Surgery is never the first choice for the treatment of a Hiatal hernia. It is most often regarded as a last resort. Surgery is recommended by the doctor only when the hernia is large or complicated.

Or if the symptoms of the hernia are not responding to any other form of treatment.

Hiatal hernia surgery can be conducted with minimal invasion by using techniques like laparoscopic surgery or ‘keyhole’ surgery. They can also be done openly if the condition of the hernia is too severe or complicated.

Hiatal hernia surgery

The surgery to correct Hiatal hernia may consist of the following procedures:

  • Pulling down the stomach to a level below the diaphragm, relieving the hernia.
  • Strengthening the esophageal opening of the diaphragm.
  • Strengthening the area of the diaphragm near where the stomach lies.
  • Fixing the stomach to a position below the diaphragm, to prevent recurring hernias.

After laparoscopic surgery, the patient generally doesn’t feel much pain, but there might be some discomfort while swallowing. The patient can walk the day after the surgery and may be allowed to go home when they recover from anesthesia.

The patient is also advised to follow some precautions in the following weeks after the surgery. They should avoid lifting heavy loads and drinking through a straw.

Patients should only take soft foods for a few days, take medications properly, and get adequate rest.

If all goes well, they should be completely free from any symptoms of Hiatal hernia.


You can manage Hiatal hernia quite easily. For that make the necessary lifestyle changes, take proper medication, and keep a positive mentality.

We hope this article helped answer your questions about hiatal hernia pain radiating to the back. You’ve also found the causes of hiatal hernia, and Hiatal hernia pain relief.

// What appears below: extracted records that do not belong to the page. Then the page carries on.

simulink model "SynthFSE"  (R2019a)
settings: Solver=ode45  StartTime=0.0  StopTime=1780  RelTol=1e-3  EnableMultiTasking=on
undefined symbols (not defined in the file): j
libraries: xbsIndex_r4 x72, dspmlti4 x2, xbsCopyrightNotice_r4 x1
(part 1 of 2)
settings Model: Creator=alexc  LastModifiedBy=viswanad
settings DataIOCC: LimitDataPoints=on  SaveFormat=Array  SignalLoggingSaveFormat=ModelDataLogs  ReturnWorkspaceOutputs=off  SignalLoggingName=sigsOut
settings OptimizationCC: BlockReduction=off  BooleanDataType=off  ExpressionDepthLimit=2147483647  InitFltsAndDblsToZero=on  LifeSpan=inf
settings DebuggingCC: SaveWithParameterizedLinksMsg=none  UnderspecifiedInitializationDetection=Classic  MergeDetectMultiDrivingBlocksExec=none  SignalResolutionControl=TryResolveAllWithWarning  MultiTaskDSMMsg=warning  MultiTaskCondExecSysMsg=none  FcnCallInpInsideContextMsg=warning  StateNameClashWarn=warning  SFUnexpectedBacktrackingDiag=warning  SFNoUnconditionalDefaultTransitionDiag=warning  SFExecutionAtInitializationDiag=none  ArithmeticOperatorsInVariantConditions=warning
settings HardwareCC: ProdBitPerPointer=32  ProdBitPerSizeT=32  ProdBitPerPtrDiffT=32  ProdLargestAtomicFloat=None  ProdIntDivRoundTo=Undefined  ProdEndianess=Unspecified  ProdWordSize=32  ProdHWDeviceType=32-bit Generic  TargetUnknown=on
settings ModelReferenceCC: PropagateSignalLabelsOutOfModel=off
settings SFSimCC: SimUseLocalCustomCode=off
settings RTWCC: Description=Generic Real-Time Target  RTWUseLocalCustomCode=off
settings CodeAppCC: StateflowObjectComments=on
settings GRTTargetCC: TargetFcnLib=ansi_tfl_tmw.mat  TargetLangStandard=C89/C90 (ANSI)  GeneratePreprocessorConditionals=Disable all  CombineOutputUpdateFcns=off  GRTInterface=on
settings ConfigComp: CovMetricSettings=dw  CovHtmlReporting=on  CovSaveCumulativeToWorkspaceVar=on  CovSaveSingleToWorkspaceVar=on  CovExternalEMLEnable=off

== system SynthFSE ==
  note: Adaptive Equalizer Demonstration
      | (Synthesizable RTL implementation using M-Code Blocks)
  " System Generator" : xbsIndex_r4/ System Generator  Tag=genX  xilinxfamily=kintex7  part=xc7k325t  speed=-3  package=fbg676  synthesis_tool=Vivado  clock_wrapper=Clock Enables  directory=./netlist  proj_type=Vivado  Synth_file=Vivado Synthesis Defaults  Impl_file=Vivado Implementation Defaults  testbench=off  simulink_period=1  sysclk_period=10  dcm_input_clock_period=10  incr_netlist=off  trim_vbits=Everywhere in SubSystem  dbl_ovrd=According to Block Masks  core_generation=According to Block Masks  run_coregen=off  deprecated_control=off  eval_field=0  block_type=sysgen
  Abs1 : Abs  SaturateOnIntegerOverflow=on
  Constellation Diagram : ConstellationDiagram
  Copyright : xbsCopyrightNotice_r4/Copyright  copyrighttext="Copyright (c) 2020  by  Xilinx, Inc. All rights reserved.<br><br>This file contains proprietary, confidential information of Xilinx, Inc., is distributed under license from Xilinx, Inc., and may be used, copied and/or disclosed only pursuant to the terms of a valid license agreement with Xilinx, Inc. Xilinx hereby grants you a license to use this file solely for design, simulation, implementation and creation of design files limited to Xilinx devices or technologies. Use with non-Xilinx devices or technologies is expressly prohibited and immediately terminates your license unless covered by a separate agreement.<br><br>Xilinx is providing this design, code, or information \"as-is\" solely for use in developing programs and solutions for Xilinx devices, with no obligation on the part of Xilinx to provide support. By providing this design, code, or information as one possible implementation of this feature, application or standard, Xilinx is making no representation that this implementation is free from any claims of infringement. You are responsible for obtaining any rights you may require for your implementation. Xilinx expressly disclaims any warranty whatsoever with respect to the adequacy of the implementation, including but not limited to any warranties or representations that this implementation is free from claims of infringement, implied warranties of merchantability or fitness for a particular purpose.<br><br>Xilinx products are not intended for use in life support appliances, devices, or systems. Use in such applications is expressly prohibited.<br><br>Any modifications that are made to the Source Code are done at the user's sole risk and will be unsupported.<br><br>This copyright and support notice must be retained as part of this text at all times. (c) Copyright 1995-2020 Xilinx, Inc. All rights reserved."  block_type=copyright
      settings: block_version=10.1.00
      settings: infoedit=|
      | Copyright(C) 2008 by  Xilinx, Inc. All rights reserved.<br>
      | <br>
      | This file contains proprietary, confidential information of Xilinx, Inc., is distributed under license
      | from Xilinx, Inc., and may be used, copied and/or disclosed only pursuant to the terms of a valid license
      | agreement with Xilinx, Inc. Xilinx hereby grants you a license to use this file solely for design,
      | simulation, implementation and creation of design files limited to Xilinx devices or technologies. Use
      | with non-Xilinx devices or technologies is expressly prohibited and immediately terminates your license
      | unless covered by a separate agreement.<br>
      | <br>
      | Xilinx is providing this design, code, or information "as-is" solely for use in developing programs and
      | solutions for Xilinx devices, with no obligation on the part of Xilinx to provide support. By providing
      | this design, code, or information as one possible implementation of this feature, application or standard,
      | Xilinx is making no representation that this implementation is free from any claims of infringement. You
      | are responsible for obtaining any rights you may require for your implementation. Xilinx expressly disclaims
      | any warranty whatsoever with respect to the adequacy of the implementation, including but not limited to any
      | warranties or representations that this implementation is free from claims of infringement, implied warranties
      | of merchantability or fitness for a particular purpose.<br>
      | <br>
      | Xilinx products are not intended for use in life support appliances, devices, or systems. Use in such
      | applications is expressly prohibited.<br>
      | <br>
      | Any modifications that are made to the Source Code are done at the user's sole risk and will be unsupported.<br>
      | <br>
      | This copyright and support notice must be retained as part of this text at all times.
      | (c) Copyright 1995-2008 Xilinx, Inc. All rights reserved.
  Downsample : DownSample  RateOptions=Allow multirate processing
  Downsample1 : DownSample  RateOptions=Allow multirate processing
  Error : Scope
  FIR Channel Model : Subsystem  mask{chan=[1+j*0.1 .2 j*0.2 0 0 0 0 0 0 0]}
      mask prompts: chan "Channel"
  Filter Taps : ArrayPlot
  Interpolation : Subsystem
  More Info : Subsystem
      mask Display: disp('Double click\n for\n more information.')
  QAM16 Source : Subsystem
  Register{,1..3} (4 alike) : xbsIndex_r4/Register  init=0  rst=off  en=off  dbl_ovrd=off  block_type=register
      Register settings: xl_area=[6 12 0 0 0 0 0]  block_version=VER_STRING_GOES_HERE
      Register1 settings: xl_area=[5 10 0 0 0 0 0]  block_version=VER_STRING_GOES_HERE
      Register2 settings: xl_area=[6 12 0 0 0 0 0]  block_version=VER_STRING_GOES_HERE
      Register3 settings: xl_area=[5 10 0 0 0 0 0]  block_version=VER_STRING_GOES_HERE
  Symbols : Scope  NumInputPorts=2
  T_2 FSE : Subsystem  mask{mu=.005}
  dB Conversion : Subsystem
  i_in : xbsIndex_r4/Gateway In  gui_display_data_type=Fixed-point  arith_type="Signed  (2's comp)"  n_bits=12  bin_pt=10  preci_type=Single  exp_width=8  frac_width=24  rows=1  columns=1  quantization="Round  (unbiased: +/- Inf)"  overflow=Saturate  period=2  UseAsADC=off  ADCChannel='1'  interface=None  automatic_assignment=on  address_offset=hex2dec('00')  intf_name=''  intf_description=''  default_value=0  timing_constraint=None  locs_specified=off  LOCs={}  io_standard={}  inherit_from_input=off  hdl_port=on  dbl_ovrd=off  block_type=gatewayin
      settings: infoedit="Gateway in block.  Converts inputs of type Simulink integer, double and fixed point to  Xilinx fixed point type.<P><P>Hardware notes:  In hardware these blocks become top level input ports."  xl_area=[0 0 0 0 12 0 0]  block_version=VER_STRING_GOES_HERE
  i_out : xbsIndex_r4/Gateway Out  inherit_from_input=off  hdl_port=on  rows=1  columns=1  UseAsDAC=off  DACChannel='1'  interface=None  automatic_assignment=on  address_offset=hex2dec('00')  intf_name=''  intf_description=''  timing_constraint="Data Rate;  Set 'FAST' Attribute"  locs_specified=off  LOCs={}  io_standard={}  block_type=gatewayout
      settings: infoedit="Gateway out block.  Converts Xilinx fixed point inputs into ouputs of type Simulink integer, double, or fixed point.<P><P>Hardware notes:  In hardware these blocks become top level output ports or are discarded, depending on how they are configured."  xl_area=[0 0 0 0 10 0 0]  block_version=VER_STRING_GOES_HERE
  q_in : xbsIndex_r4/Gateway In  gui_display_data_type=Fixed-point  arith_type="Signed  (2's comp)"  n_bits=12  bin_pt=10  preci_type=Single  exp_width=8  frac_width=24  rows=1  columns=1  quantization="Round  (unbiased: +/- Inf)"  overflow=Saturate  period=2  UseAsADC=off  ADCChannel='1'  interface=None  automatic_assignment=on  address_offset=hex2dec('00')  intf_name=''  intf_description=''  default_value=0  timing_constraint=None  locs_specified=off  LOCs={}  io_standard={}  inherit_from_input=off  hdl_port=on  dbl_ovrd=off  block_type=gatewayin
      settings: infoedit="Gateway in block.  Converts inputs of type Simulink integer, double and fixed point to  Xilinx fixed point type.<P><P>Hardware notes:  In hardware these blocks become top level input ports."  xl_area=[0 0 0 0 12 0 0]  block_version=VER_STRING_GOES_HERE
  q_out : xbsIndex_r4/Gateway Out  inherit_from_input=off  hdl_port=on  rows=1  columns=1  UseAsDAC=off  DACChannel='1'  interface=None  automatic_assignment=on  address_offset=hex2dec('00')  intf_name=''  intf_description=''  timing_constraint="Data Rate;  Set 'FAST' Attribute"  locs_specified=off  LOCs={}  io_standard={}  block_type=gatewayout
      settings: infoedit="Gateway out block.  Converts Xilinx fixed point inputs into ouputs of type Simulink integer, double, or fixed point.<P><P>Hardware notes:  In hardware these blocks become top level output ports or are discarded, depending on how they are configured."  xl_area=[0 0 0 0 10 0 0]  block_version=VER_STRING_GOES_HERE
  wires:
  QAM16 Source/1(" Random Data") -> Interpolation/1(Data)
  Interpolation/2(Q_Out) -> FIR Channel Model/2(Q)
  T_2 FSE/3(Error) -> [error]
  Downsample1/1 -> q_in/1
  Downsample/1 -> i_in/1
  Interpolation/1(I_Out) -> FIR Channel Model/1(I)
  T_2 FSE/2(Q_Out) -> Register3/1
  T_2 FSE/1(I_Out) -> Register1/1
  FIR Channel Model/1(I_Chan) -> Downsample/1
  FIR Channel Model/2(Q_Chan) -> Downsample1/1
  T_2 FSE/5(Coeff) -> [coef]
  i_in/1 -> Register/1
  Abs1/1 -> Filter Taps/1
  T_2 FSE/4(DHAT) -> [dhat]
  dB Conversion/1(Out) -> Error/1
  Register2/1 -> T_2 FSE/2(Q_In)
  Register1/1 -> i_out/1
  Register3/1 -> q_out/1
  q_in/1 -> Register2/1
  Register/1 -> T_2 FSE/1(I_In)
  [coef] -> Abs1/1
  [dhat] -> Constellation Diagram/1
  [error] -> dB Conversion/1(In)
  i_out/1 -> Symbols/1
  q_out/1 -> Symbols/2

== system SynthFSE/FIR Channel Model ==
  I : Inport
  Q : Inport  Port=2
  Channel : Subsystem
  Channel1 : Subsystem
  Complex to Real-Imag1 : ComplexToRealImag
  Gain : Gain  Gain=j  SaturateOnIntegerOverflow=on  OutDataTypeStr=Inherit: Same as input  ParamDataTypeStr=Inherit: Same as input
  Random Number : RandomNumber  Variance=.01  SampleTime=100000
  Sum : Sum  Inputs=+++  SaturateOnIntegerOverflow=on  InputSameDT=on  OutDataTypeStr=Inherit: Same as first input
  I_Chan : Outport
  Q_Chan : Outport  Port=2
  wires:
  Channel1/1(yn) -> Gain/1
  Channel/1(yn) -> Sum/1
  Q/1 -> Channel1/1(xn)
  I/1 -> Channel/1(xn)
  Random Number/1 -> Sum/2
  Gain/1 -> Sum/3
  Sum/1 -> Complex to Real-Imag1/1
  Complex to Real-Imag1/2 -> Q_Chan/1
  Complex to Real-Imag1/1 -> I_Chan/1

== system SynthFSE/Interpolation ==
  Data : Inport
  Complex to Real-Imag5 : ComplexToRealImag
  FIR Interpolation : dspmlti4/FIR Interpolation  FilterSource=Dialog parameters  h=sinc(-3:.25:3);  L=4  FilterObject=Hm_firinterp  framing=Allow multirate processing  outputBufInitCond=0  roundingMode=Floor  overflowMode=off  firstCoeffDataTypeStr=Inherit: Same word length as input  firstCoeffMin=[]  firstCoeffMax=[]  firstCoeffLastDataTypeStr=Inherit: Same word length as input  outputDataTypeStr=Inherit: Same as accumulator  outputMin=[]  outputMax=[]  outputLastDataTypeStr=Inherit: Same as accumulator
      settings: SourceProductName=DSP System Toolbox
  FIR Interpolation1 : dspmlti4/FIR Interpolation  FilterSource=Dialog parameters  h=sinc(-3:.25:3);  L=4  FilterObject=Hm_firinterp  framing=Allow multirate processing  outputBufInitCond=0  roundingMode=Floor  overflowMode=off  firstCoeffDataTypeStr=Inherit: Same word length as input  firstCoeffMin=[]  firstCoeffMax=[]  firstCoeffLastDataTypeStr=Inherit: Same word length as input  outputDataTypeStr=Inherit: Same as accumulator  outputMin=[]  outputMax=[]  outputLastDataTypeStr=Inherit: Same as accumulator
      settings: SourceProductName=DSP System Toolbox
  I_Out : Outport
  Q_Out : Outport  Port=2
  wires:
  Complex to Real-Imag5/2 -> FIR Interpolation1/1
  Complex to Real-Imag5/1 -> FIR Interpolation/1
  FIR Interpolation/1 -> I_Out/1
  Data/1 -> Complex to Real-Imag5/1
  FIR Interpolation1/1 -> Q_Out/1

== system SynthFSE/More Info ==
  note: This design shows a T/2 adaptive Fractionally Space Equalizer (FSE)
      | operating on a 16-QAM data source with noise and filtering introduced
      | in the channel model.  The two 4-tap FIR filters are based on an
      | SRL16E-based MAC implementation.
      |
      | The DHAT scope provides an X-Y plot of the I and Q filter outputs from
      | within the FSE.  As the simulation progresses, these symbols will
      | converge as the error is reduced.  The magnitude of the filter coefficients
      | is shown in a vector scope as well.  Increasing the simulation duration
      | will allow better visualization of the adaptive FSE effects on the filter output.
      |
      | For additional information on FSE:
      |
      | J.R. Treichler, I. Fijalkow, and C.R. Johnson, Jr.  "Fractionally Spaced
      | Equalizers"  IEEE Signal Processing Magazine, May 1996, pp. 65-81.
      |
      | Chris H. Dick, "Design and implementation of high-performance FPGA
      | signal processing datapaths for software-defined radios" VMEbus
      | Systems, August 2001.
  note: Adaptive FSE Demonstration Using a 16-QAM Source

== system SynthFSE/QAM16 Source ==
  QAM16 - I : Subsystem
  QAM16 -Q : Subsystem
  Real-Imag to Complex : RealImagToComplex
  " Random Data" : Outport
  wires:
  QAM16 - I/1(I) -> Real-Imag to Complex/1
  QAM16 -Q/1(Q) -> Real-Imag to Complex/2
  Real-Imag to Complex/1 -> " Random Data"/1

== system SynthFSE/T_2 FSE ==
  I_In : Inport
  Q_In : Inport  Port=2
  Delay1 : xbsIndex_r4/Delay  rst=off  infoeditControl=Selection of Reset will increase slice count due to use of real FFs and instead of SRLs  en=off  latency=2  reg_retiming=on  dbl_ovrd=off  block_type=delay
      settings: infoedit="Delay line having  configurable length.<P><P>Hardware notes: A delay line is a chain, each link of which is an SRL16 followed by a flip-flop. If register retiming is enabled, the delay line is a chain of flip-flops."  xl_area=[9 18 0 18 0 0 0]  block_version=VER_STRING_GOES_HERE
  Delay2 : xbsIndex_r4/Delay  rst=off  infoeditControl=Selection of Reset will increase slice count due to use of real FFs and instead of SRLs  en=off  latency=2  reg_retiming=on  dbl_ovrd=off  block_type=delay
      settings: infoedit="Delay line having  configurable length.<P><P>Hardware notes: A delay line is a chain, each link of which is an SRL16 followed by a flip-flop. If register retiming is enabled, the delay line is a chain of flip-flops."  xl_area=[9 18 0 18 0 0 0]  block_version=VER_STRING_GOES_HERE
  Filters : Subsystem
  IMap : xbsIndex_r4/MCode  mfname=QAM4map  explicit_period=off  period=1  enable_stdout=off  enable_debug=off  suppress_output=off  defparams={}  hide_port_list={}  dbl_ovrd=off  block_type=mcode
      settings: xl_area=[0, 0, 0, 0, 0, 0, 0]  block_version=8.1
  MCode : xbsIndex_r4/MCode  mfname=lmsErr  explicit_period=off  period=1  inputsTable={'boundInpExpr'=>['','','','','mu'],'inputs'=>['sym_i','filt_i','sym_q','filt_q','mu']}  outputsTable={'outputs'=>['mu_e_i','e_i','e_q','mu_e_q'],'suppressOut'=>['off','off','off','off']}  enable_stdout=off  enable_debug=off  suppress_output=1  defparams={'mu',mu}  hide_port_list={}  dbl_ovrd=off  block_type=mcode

Let us know by commenting if our methods helped relieve your pain!

The FAQs About Hiatal Hernia Pain Radiating to Back

Q. What causes a Hiatal hernia to flare up?

Fatty foods, strenuous exercise, smoking, etc. are responsible for making Hiatal hernia symptoms worse.

Q. Can a hernia make your back hurt?

A hernia can cause chest pain, which can radiate to the shoulder, neck, or sometimes to the back. But back pain due to hernia is rare.

Q. How good is pantoprazole for Hiatal hernia?

Pantoprazole is a proton pump inhibitor. It stops the production of acid in the stomach and alleviates symptoms like irritation and heartburn, It is one of the best medications available for Hiatal hernia.